Aus kunsthistorischer Sicht fallen Elemente der Neuen Sachlichkeit, des Expressionismus, des Konstruktivismus oder auch des Kubismus in die Blütezeit des Bauhauses. Eine Trennung zwischen den verschiedenen „Strängen“ fällt nicht nur schwer, diese Trennung widerspricht dem Ursprungsgedanken der gesamten Akademie.
 
Aus dieser Perspektive gedacht, ist schnell ersichtlich, dass es nicht DEN Bauhaus-Stil gibt. Als Lehranstalt war der Zweck der Akademie in erster Linie die Vermittlung von Wissen und ästhetischen Werten. Zur Stil-Ikone wurde „Dessau“ aufgrund seiner Lehrer und Schüler.

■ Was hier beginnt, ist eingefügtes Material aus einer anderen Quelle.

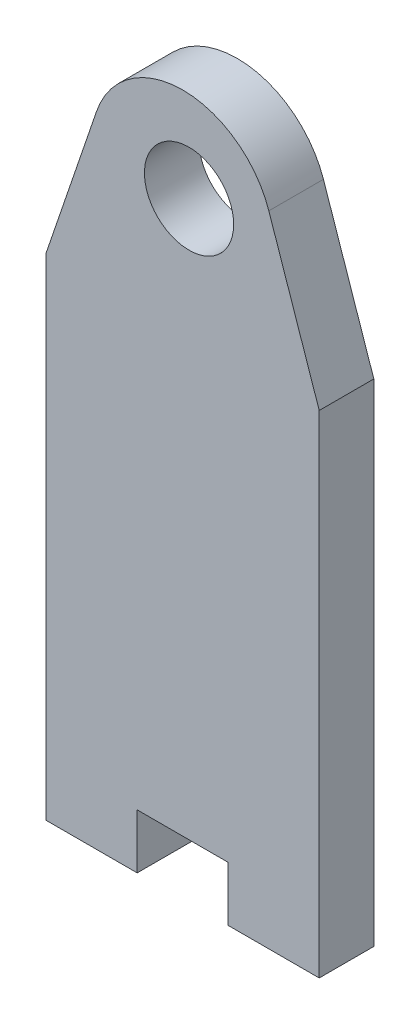
from build123d import *

# Parameters (mm, degrees)
MODEL_R                 = 2.45
SALIENTE_EXTRUIR1_DEPTH = 3


with BuildPart() as part:
    # Model → Saliente-Extruir1 (new body)
    with BuildSketch(Plane.XY):
        with BuildLine():
            Line((47.732278764, 49.864167804), (50.5, 41.75))
            Line((50.5, 41.75), (50.5, 27.75))
            Line((50.5, 27.75), (50.5, 14.75))
            Line((50.5, 14.75), (45.5, 14.75))
            Line((45.5, 14.75), (45.5, 17.75))
            Line((45.5, 17.75), (40.5, 17.75))
            Line((40.5, 17.75), (40.5, 14.75))
            Line((40.5, 14.75), (35.5, 14.75))
            Line((35.5, 14.75), (35.5, 27.75))
            Line((35.5, 27.75), (35.5, 41.75))
            Line((35.5, 41.75), (38.267721236, 49.864167804))
            ThreePointArc((38.267721236, 49.864167804), (43, 53.25), (47.732278764, 49.864167804))
        make_face()
        with Locations((43.348582377, 48.25)):
            Circle(MODEL_R, mode=Mode.SUBTRACT)
    extrude(amount=SALIENTE_EXTRUIR1_DEPTH)


solid = part.part
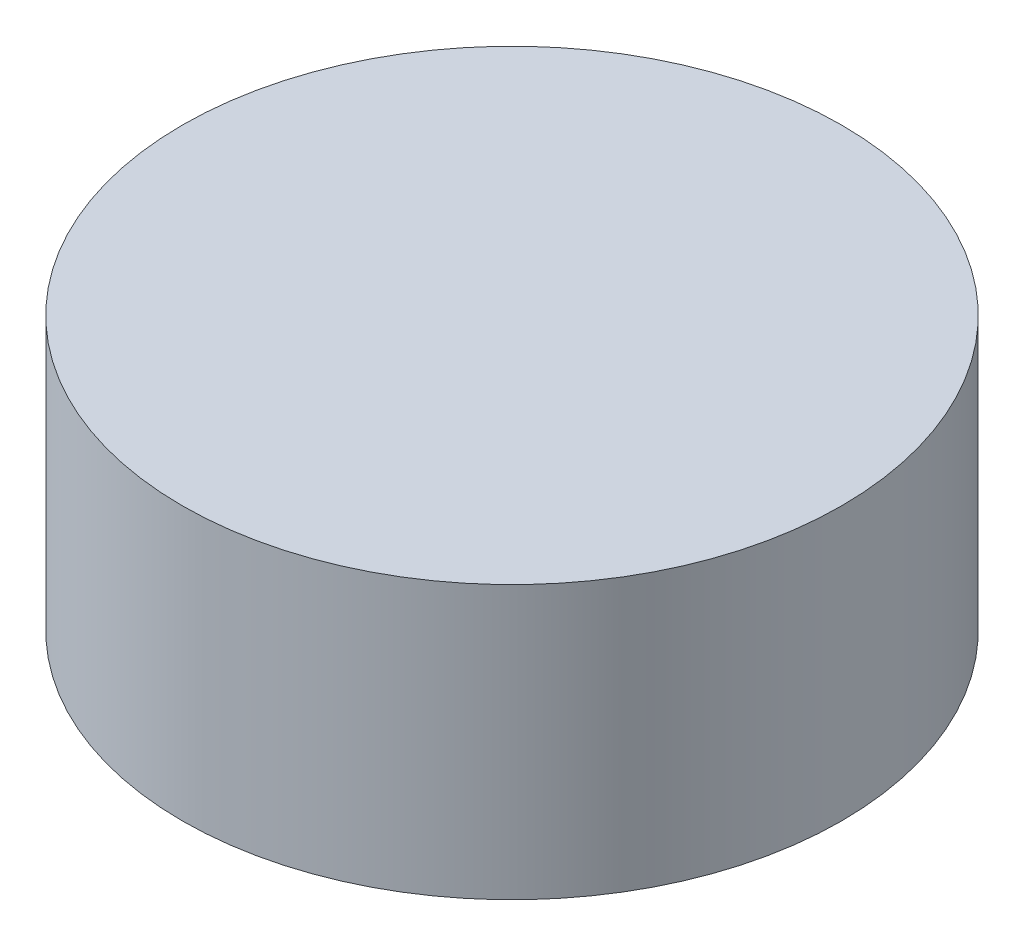
from build123d import *

# Parameters (mm, degrees)
BOSS_EXTRUDE1_DEPTH = 10
SKETCH4_W           = 152.759028905
SKETCH4_H           = 70.023532291
SKETCH4_R           = 12.08003571
CUT_EXTRUDE1_DEPTH  = 11.0000001


with BuildPart() as part:
    # Sketch2 → Boss-Extrude1 (new body)
    with BuildSketch(Plane(origin=(0, 0, 0), x_dir=(1, 0, 0), z_dir=(0, 1, 0))):
        with BuildLine():
            add(Edge.make_bspline(
                [(-109.1, -5.1), (-109.424609826, 10.441471911), (-73.787625733, 25.22270358), (-43.020276746, 23.937309848), (-34.219540496, 17.85083091), (-19.745412821, 17.556799812), (-9.831464388, 20.08956268), (7.173597662, 19.935183257), (19.6, 14.289300505), (19.6, 0)],
                knots=[0, 0, 0, 0, 0.230584101, 0.286176341, 0.525950611, 0.574149071, 0.719962477, 0.764370237, 1, 1, 1, 1], degree=3))
            add(Edge.make_bspline(
                [(19.6, 0), (19.6, -12.798208112), (9.628339195, -19.558649887), (-8.537408911, -19.135204318), (-19.796385689, -17.357223298), (-41.21861702, -17.372886462), (-58.113965099, -28.979482333), (-85.155395015, -28.327654779), (-109.1, -26.64326042), (-109.1, -5.1)],
                knots=[0, 0, 0, 0, 0.174620331, 0.213184502, 0.3664798, 0.418282358, 0.679407529, 0.740843358, 1, 1, 1, 1], degree=3))
        make_face()
    extrude(amount=BOSS_EXTRUDE1_DEPTH)

    # Sketch4 → Cut-Extrude1 (cut, through all)
    with BuildSketch(Plane(origin=(0, 10, 0), x_dir=(1, 0, 0), z_dir=(0, 1, 0))):
        with Locations((-43.537567524, 1.623567221)):
            Rectangle(SKETCH4_W, SKETCH4_H)
        with Locations((-46.446237326, 0)):
            Circle(SKETCH4_R, mode=Mode.SUBTRACT)
    extrude(amount=-CUT_EXTRUDE1_DEPTH, mode=Mode.SUBTRACT)


solid = part.part
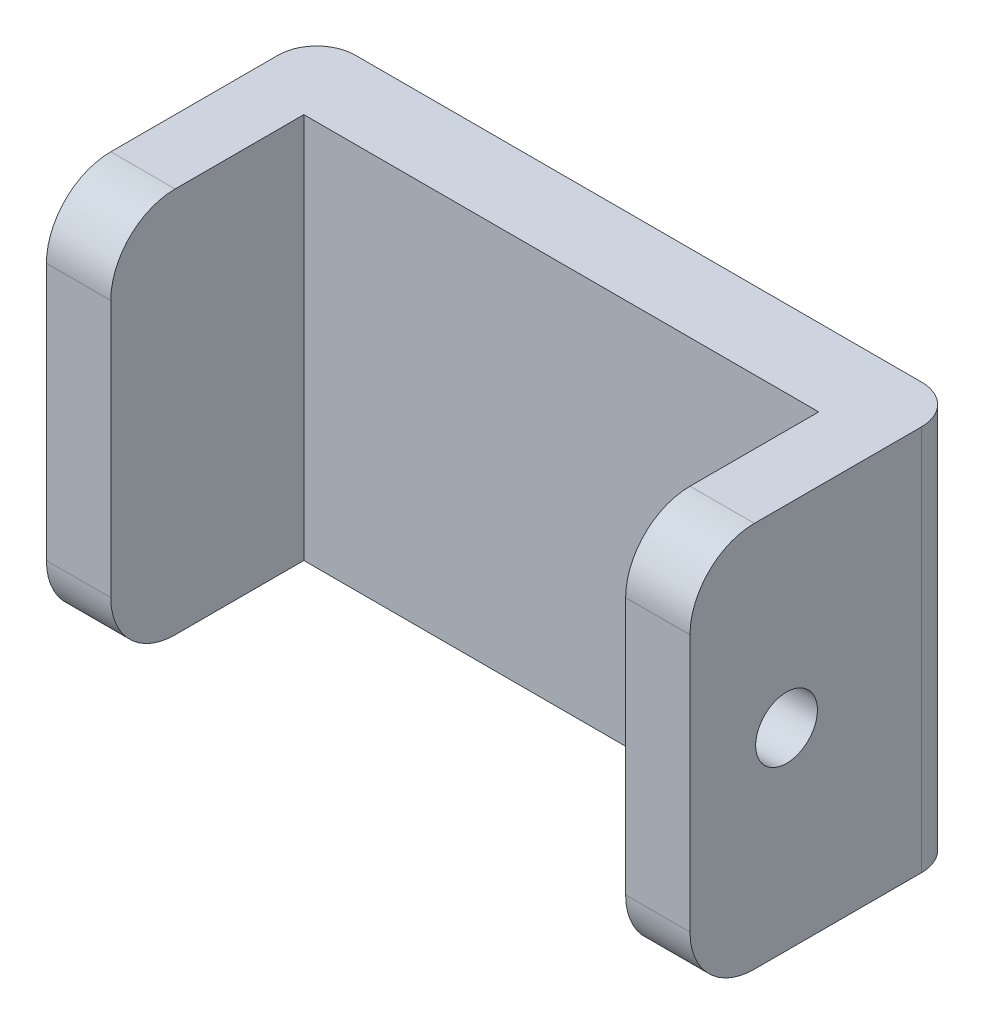
from build123d import *

# Parameters (mm, degrees)
SKETCH1_W           = 50
SKETCH1_H           = 30
BOSS_EXTRUDE1_DEPTH = 6
SKETCH3_W           = 5
SKETCH3_H           = 30
BOSS_EXTRUDE2_DEPTH = 15
SKETCH4_R           = 2.4
CUT_EXTRUDE1_DEPTH  = 5
FILLET2_R           = 3
FILLET3_R           = 5


with BuildPart() as part:
    # Sketch1 → Boss-Extrude1 (new body)
    with BuildSketch(Plane.XY):
        with Locations((-261.5, -48)):
            Rectangle(SKETCH1_W, SKETCH1_H)
    extrude(amount=BOSS_EXTRUDE1_DEPTH)

    # Sketch3 → Boss-Extrude2 (add)
    with BuildSketch(Plane.XY.offset(6)):
        with Locations((-239, -48)):
            Rectangle(SKETCH3_W, SKETCH3_H)
        with Locations((-284, -48)):
            Rectangle(SKETCH3_W, SKETCH3_H)
    extrude(amount=BOSS_EXTRUDE2_DEPTH)

    # Sketch4 → Cut-Extrude1 (cut)
    with BuildSketch(Plane(origin=(-236.5, 0, 0), x_dir=(0, 0, -1), z_dir=(1, 0, 0))):
        with Locations((-13.5, -48)):
            Circle(SKETCH4_R)
    extrude(amount=-CUT_EXTRUDE1_DEPTH, mode=Mode.SUBTRACT)

    # Fillet2
    fillet2_edges = [part.edges().sort_by_distance(p)[0] for p in [
        (-236.5, -48, 0),
        (-286.5, -48, 0),
    ]]
    fillet(fillet2_edges, radius=FILLET2_R)

    # Fillet3
    fillet3_edges = [part.edges().sort_by_distance(p)[0] for p in [
        (-239, -33, 21),
        (-239, -63, 21),
        (-284, -63, 21),
        (-284, -33, 21),
    ]]
    fillet(fillet3_edges, radius=FILLET3_R)


solid = part.part

Auf dem Weg zur Institution geschahen verschiedene „richtige Entscheidungen“, die Bauhaus bis heute prägen. Die „Entlehnung der geometrischen Form“ aus der De Stijl Bewegung und die aufgeräumte Primärfarben, waren Momente und punktuelle Entscheidungen, die über die Jahrzehnte zum Markenzeichen wurden.  
 

Möbel im Fokus – ein Jahrhundert Stil und Schönheit

Breuer, Stam oder von der Rohe, das Kollegium der Kunstakademie liest sich wie das Who-is-Who der ersten Egide des modernen Designs. Und nicht weniger als die Wiege des Designs ist das Bauhaus.

Design als eigenständige Säule der Formgebung, als Zwitter zwischen ästhetischer Wissenschaft und pragmatischem Handwerk, ist Kind der Schule aus Dessau. Ab dem Jahre 1925 erschufen Lehrende und Schüler Ideen, Visionen und „Werke“, die bis zum heutigen Tage sinnspendend für die moderne Möbelindustrie sind.
 
Klassiker wie der erste „Freischwinger“ von Marcel Breuer wurden ermöglicht durch die Verwindung von Handwerk und Kunst, und realisierbar durch moderne Fertigungsmethoden und Materialien. Ikonenhafte Meisterstücke wie von der Rohes Barcelona Chair sind ebenso „Bauhaus“ wie die viel zitierte Bauhaus-Leuchte aus den Händen von Wilhelm Wagenfeld.

Allen Möbeln dieser Zeit wohnt die zurückgenommene Verve und die Sachlichkeit der Moderne inne. Trendbegriffe, die sich in unserem Sprachgebrauch eingeschlichen haben und die Kommentarspalten und Feeds der „Szene“ dominieren, Trendbegriffe wie „Minimalismus“ oder „Skandi“ wären Schall und Rauch ohne die Wiege der Moderne – das Bauhaus.